RECORDS FOR THE TASK:
##########
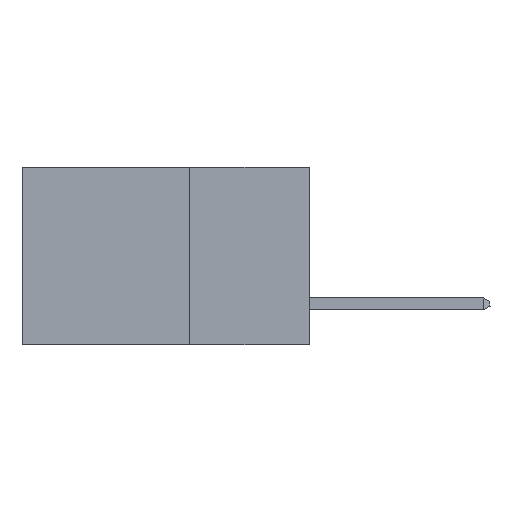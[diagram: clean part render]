
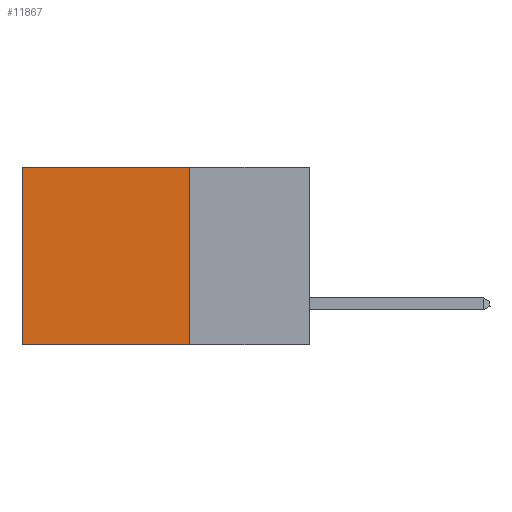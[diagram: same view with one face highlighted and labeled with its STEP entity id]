
A CAD part, left-side view. The second image highlights one B-rep face of the part: STEP entity #11867.
In plain terms, the highlighted planar face has unit normal (-1, 0, 0).
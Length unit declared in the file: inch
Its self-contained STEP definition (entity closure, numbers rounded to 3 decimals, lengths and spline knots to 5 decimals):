
#1634 = CARTESIAN_POINT ( 'NONE',  ( 0.2875, 0.25, 0. ) ) ;
#2093 = LINE ( 'NONE', #32336, #9783 ) ;
#4924 = DIRECTION ( 'NONE',  ( 0., 0., -1. ) ) ;
#5790 = VECTOR ( 'NONE', #4924, 39.37008 ) ;
#6568 = CARTESIAN_POINT ( 'NONE',  ( 0.2875, 0.6, -0.37 ) ) ;
#7202 = EDGE_CURVE ( 'NONE', #13954, #30955, #24530, .T. ) ;
#9197 = EDGE_CURVE ( 'NONE', #29783, #45549, #30827, .T. ) ;
#9783 = VECTOR ( 'NONE', #30650, 39.37008 ) ;
#11365 = CARTESIAN_POINT ( 'NONE',  ( 0.2875, 0.25, 0. ) ) ;
#11609 = ORIENTED_EDGE ( 'NONE', *, *, #9197, .F. ) ;
#11867 = ADVANCED_FACE ( 'NONE', ( #29243 ), #43501, .F. ) ;
#13954 = VERTEX_POINT ( 'NONE', #28034 ) ;
#19129 = EDGE_LOOP ( 'NONE', ( #38065, #11609, #42022, #43131 ) ) ;
#20739 = VECTOR ( 'NONE', #33446, 39.37008 ) ;
#21254 = LINE ( 'NONE', #1634, #5790 ) ;
#23330 = VECTOR ( 'NONE', #25924, 39.37008 ) ;
#24530 = LINE ( 'NONE', #11365, #23330 ) ;
#25300 = AXIS2_PLACEMENT_3D ( 'NONE', #36088, #28359, #47771 ) ;
#25924 = DIRECTION ( 'NONE',  ( 0., 1., 0. ) ) ;
#28034 = CARTESIAN_POINT ( 'NONE',  ( 0.2875, 0.25, 0. ) ) ;
#28359 = DIRECTION ( 'NONE',  ( 1., 0., 0. ) ) ;
#29243 = FACE_OUTER_BOUND ( 'NONE', #19129, .T. ) ;
#29654 = CARTESIAN_POINT ( 'NONE',  ( 0.2875, 0.25, -0.37 ) ) ;
#29783 = VERTEX_POINT ( 'NONE', #48614 ) ;
#30650 = DIRECTION ( 'NONE',  ( 0., 0., -1. ) ) ;
#30827 = LINE ( 'NONE', #29654, #20739 ) ;
#30955 = VERTEX_POINT ( 'NONE', #35569 ) ;
#31509 = EDGE_CURVE ( 'NONE', #30955, #45549, #2093, .T. ) ;
#32336 = CARTESIAN_POINT ( 'NONE',  ( 0.2875, 0.6, 0. ) ) ;
#33446 = DIRECTION ( 'NONE',  ( 0., 1., 0. ) ) ;
#35569 = CARTESIAN_POINT ( 'NONE',  ( 0.2875, 0.6, 0. ) ) ;
#36088 = CARTESIAN_POINT ( 'NONE',  ( 0.2875, 0.25, 0. ) ) ;
#38065 = ORIENTED_EDGE ( 'NONE', *, *, #31509, .T. ) ;
#42022 = ORIENTED_EDGE ( 'NONE', *, *, #45312, .F. ) ;
#43131 = ORIENTED_EDGE ( 'NONE', *, *, #7202, .T. ) ;
#43501 = PLANE ( 'NONE',  #25300 ) ;
#45312 = EDGE_CURVE ( 'NONE', #13954, #29783, #21254, .T. ) ;
#45549 = VERTEX_POINT ( 'NONE', #6568 ) ;
#47771 = DIRECTION ( 'NONE',  ( 0., 0., -1. ) ) ;
#48614 = CARTESIAN_POINT ( 'NONE',  ( 0.2875, 0.25, -0.37 ) ) ;
##########
Retype, without any change, the lines from the one containing "#45549 = VERTEX_POINT ( 'NONE', #6568 ) ;" through the final line of the material above, and no others.

ANSWER TO THE EXERCISE:
#45549 = VERTEX_POINT ( 'NONE', #6568 ) ;
#47771 = DIRECTION ( 'NONE',  ( 0., 0., -1. ) ) ;
#48614 = CARTESIAN_POINT ( 'NONE',  ( 0.2875, 0.25, -0.37 ) ) ;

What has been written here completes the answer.